Only those lines in the data below from the line containing "(10700.762, 9876.327)], dxfattribs=at)" through the line containing "9878.077)], close=True, dxfattribs=at)", both included, should be restated word for word.

[Data items]
'''
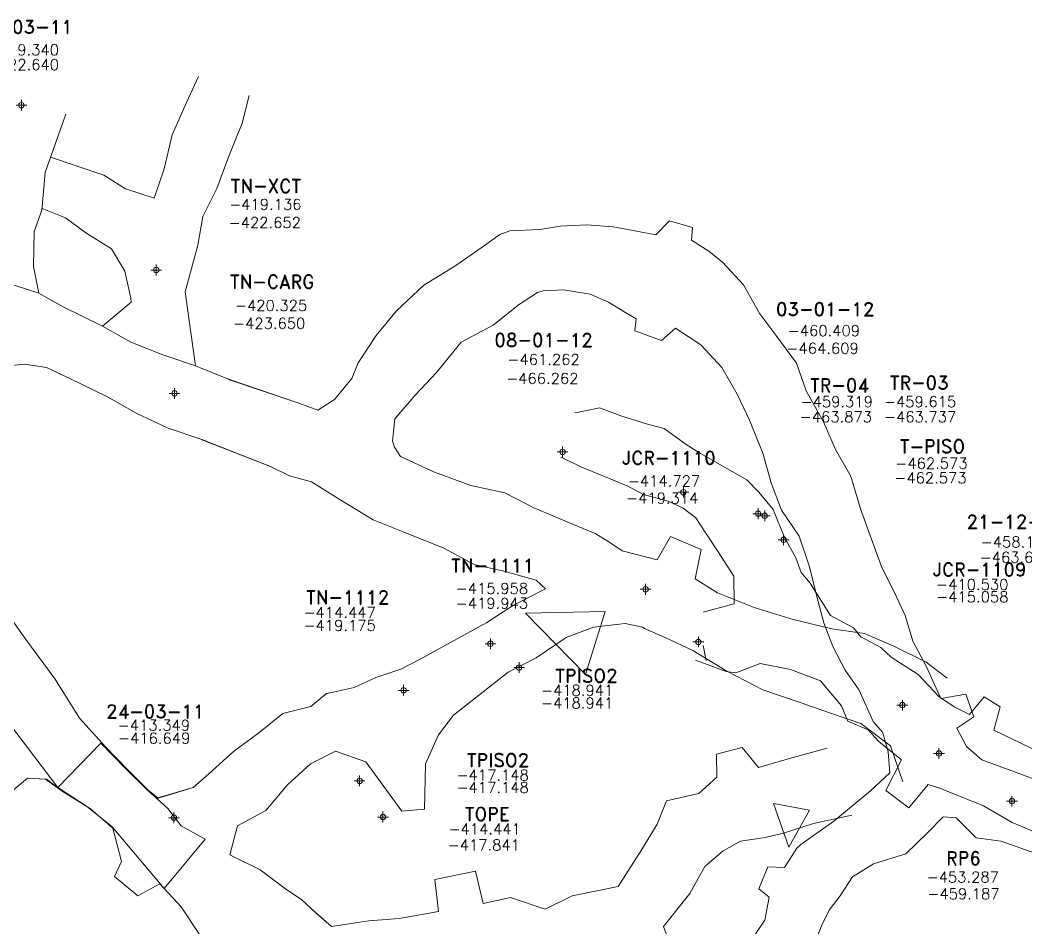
# Model space of a CAD drawing. Extents: x -47776 to 11079, y 0 to 10209.
# Drawn here: x 10697.3 to 10790.3, y 9863.4 to 9947.3 of the extents above; entities that cross this region are included whole.
import ezdxf
from ezdxf.enums import TextEntityAlignment as Align

# ---------------------------------------------------------------- set-up
doc = ezdxf.new("R2010")
doc.units = 0
doc.header["$MEASUREMENT"] = 0
doc.header["$PDMODE"] = 34
doc.header["$PDSIZE"] = 0.5
for name, color, linetype in [('abajo', 7, 'Continuous'), ('arriba', 7, 'Continuous'), ('F-480-7606-W-SCR', 5, 'Continuous'), ('MARGEN', 7, 'Continuous'), ('R-480-7804-NW-FIC', 240, 'Continuous'), ('R-480-7804-NW-SCR', 240, 'Continuous'), ('R-480-7855-NE-SCR', 7, 'Continuous'), ('R-480-7855-NE-SCR2', 7, 'Continuous')]:
    doc.layers.add(name, color=color, linetype=linetype)
doc.styles.add('ROMAND', font='ROMAND.SHX')
doc.styles.add('ROMANS', font='ROMANS.SHX', dxfattribs={"width": 2.5})

# ---------------------------------------------------------------- blocks, each defined once
blk = doc.blocks.new('F2')
at = {"lineweight": 0}
blk.add_point((0, 0), dxfattribs=at)
at = {"lineweight": 0, "style": 'ROMAND'}
for tag, height, p in [('NOMBRE', 1.25, (0.201, 6.617)), ('CIELO', 1, (0.136, 4.616)), ('PISO', 1, (0.136, 3.247))]:
    blk.add_attdef(tag, text='', height=height, dxfattribs=at).set_placement(p, align=Align.CENTER)
at = {"lineweight": 0, "style": 'ROMANS', "flags": 1}
for tag, p in [('MINA', (-0.074, -3.255)), ('LOCALIZACION', (-0.074, -4.928)), ('ESTRUCTURA', (-0.074, -6.618)), ('NIVEL', (-0.074, -8.29)), ('OBRA', (-0.074, -10.121)), ('FECHA', (-0.074, -11.793)), ('ATRAS', (-0.074, -13.483)), ('TOPOGRAFO', (2.675, -15.297))]:
    blk.add_attdef(tag, text='', height=1.25, dxfattribs=at).set_placement(p, align=Align.CENTER)

msp = doc.modelspace()

# ---------------------------------------------------------------- linework, layer by layer
at = {"color": 4, "linetype": 'Continuous', "lineweight": 0, "flags": 128}
msp.add_lwpolyline([(10751.356, 9892.606), (10743.988, 9892.467), (10749.549, 9886.775), (10751.356, 9892.606)], dxfattribs=at)
at = {"color": 1, "linetype": 'Continuous', "lineweight": 0, "elevation": -411.199, "flags": 128}
msp.add_lwpolyline([(10693.689, 9885.648), (10700.762, 9876.327)], dxfattribs=at)
at = {"color": 2, "linetype": 'Continuous', "lineweight": 0, "flags": 128}
msp.add_lwpolyline([(10704.738, 9880.442), (10700.762, 9876.327), (10703.413, 9874.625), (10705.779, 9872.685), (10710.607, 9867.01), (10714.394, 9871.55), (10712.169, 9872.78), (10710.938, 9874.388), (10708.998, 9876.138), (10707.057, 9878.077)], close=True, dxfattribs=at)
at = {"color": 4, "linetype": 'Continuous', "lineweight": 0, "flags": 128}
msp.add_lwpolyline([(10766.926, 9874.855), (10768.342, 9870.814), (10770.263, 9874.249)], close=True, dxfattribs=at)
at = {"layer": 'abajo', "color": 4, "linetype": 'Continuous', "lineweight": 0}
msp.add_polyline3d([(10760.417, 9889.469, -462.883), (10760.702, 9888.08, -462.584)], dxfattribs=at)
at = {"layer": 'arriba', "color": 4, "linetype": 'Continuous', "lineweight": 0}
msp.add_polyline3d([(10760.417, 9889.469, -458.383), (10760.702, 9888.08, -458.184)], dxfattribs=at)
at = {"layer": 'F-480-7606-W-SCR', "color": 5, "linetype": 'Continuous', "lineweight": 0}
for points in [[(10675.711, 9908.162, -412.183), (10677.917, 9906.363, -411.915), (10680.92, 9904.229, -412.055), (10684.278, 9902.721, -411.994), (10687.211, 9900.103, -412.037), (10690.245, 9898.076, -412.377), (10693.363, 9895.422, -412.322), (10694.872, 9896.138, -412.035), (10696.469, 9894.347, -412.038), (10695.799, 9892.859, -411.461), (10697.797, 9890.021, -411.199), (10697.797, 9890.021, -411.199), (10697.797, 9890.021, -411.199), (10700.529, 9886.357, -411.549), (10702.764, 9882.749, -411.194), (10705.161, 9880.086, -411.334)], [(10675.711, 9908.162, -415.883), (10677.917, 9906.363, -416.015), (10680.92, 9904.229, -416.355), (10684.278, 9902.721, -416.394), (10687.211, 9900.103, -416.237), (10690.245, 9898.076, -416.177), (10693.363, 9895.422, -416.122), (10694.872, 9896.138, -416.135), (10696.469, 9894.347, -416.138), (10695.799, 9892.859, -416.161), (10697.797, 9890.021, -416.199), (10697.797, 9890.021, -416.199), (10697.797, 9890.021, -416.199), (10700.529, 9886.357, -416.149), (10702.764, 9882.749, -416.494), (10705.161, 9880.086, -416.634)], [(10705.161, 9880.086, -411.334), (10707.216, 9878.011, -412.176), (10709.119, 9876.094, -412.732), (10710.024, 9875.385, -413.349), (10710.049, 9875.355, -413.342)], [(10705.161, 9880.086, -416.634), (10707.216, 9878.011, -416.676), (10709.119, 9876.094, -416.632), (10709.947, 9875.323, -416.649)], [(10771.894, 9879.987, -412.678), (10768.412, 9879.025, -412.698), (10765.527, 9878.177, -412.914), (10764.043, 9880.037, -412.821), (10761.657, 9879.412, -412.823), (10761.695, 9877.3, -413.136)], [(10771.894, 9879.987, -416.478), (10768.412, 9879.025, -416.498), (10765.527, 9878.177, -416.614), (10764.043, 9880.037, -416.721), (10761.657, 9879.412, -416.723), (10761.695, 9877.3, -416.736)], [(10690.137, 9872.154, -408.483), (10692.03, 9874.019, -407.458), (10694.436, 9875.103, -408.925), (10696.635, 9876.102, -411.187), (10697.979, 9877.185, -411.134), (10699.715, 9877.1, -411.382)], [(10690.137, 9872.154, -415.083), (10692.03, 9874.019, -415.458), (10694.436, 9875.103, -415.525), (10696.635, 9876.102, -415.787), (10697.979, 9877.185, -415.834), (10699.643, 9877.097, -416.082)], [(10699.643, 9877.097, -416.082), (10699.643, 9877.097, -416.082), (10701.258, 9875.931, -416.634)], [(10699.715, 9877.1, -411.382), (10699.715, 9877.1, -411.382), (10701.258, 9875.931, -411.334)], [(10748.305, 9866.319, -411.997), (10748.305, 9866.319, -411.997), (10748.305, 9866.319, -411.997), (10748.305, 9866.319, -411.997), (10752.559, 9867.191, -413.524), (10754.694, 9870.507, -413.493), (10756.175, 9872.933, -413.098), (10757.034, 9875.11, -413.024), (10760.038, 9875.787, -413.139), (10761.695, 9877.3, -413.136)], [(10748.305, 9866.319, -417.197), (10748.305, 9866.319, -417.197), (10748.305, 9866.319, -417.197), (10748.305, 9866.319, -417.197), (10752.559, 9867.191, -417.224), (10754.694, 9870.507, -416.993), (10756.175, 9872.933, -416.898), (10757.034, 9875.11, -416.824), (10760.038, 9875.787, -416.739), (10761.695, 9877.3, -416.736)], [(10701.258, 9875.931, -411.334), (10703.8, 9874.36, -412.176), (10705.84, 9872.589, -412.732), (10706.65, 9869.503, -412.487), (10706.004, 9868.101, -412.863), (10708.164, 9866.329, -412.858), (10710.186, 9867.428, -412.622), (10712.167, 9865.301, -412.874), (10713.88, 9862.741, -412.925), (10716.476, 9861.272, -412.477), (10717.858, 9860.115, -412.648), (10720.886, 9858.857, -412.646), (10723.753, 9857.98, -413.713)], [(10701.258, 9875.931, -416.634), (10703.8, 9874.36, -416.676), (10705.84, 9872.589, -416.632), (10706.65, 9869.503, -416.687), (10706.004, 9868.101, -416.763), (10708.164, 9866.329, -416.758), (10710.186, 9867.428, -416.722), (10712.167, 9865.301, -416.774), (10713.88, 9862.741, -416.725), (10716.476, 9861.272, -416.777), (10717.858, 9860.115, -416.748), (10720.596, 9859.019, -416.746), (10723.753, 9857.98, -416.813)], [(10774.173, 9873.793, -412.678), (10770.622, 9873.019, -412.698), (10767.772, 9872.077, -412.914), (10766.483, 9871.816, -412.821), (10766.201, 9871.712, -412.823), (10763.87, 9871.388, -413.136)], [(10774.173, 9873.793, -416.478), (10770.622, 9873.019, -416.498), (10767.772, 9872.077, -416.614), (10766.483, 9871.816, -416.721), (10766.201, 9871.712, -416.723), (10763.87, 9871.388, -416.736)], [(10757.267, 9862.145, -412.671), (10757.267, 9862.145, -412.671), (10757.267, 9862.145, -412.671), (10757.267, 9862.145, -412.671), (10756.751, 9863.478, -413.524), (10759.185, 9866.529, -413.493), (10760.592, 9869.022, -413.098), (10762.274, 9870.469, -413.024), (10763.87, 9871.388, -413.136), (10763.87, 9871.388, -413.136)], [(10757.267, 9862.145, -417.271), (10757.267, 9862.145, -417.271), (10757.267, 9862.145, -417.271), (10757.267, 9862.145, -417.271), (10756.751, 9863.478, -417.224), (10759.185, 9866.529, -416.993), (10760.592, 9869.022, -416.898), (10762.274, 9870.469, -416.824), (10763.87, 9871.388, -416.736), (10763.87, 9871.388, -416.736)], [(10716.676, 9870.121, -412.874), (10719.481, 9868.73, -412.925), (10721.804, 9866.968, -412.477), (10723.323, 9865.958, -412.648), (10724.661, 9864.718, -412.646), (10726.06, 9863.485, -412.813)], [(10716.676, 9870.121, -416.774), (10719.481, 9868.73, -416.725), (10721.804, 9866.968, -416.777), (10723.323, 9865.958, -416.748), (10724.518, 9864.836, -416.746), (10726.06, 9863.485, -417.113)], [(10726.06, 9863.485, -412.813), (10726.06, 9863.485, -412.813), (10726.06, 9863.485, -412.813), (10729.521, 9864.005, -412.513), (10732.32, 9864.224, -412.513), (10735.964, 9864.873, -412.013), (10735.635, 9867.831, -412.013), (10739.382, 9868.601, -412.013), (10740.102, 9865.597, -411.313)], [(10726.06, 9863.485, -417.113), (10726.06, 9863.485, -417.113), (10726.06, 9863.485, -417.113), (10729.521, 9864.005, -416.913), (10732.32, 9864.224, -416.813), (10735.964, 9864.873, -417.013), (10735.635, 9867.831, -417.013), (10739.382, 9868.601, -417.013), (10740.102, 9865.597, -417.013)], [(10740.102, 9865.597, -411.313), (10740.102, 9865.597, -411.313), (10742.614, 9866.159, -411.691), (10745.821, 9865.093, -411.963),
'''
• OUTPUT OF THE EXERCISE:
msp.add_lwpolyline([(10693.689, 9885.648), (10700.762, 9876.327)], dxfattribs=at)
at = {"color": 2, "linetype": 'Continuous', "lineweight": 0, "flags": 128}
msp.add_lwpolyline([(10704.738, 9880.442), (10700.762, 9876.327), (10703.413, 9874.625), (10705.779, 9872.685), (10710.607, 9867.01), (10714.394, 9871.55), (10712.169, 9872.78), (10710.938, 9874.388), (10708.998, 9876.138), (10707.057, 9878.077)], close=True, dxfattribs=at)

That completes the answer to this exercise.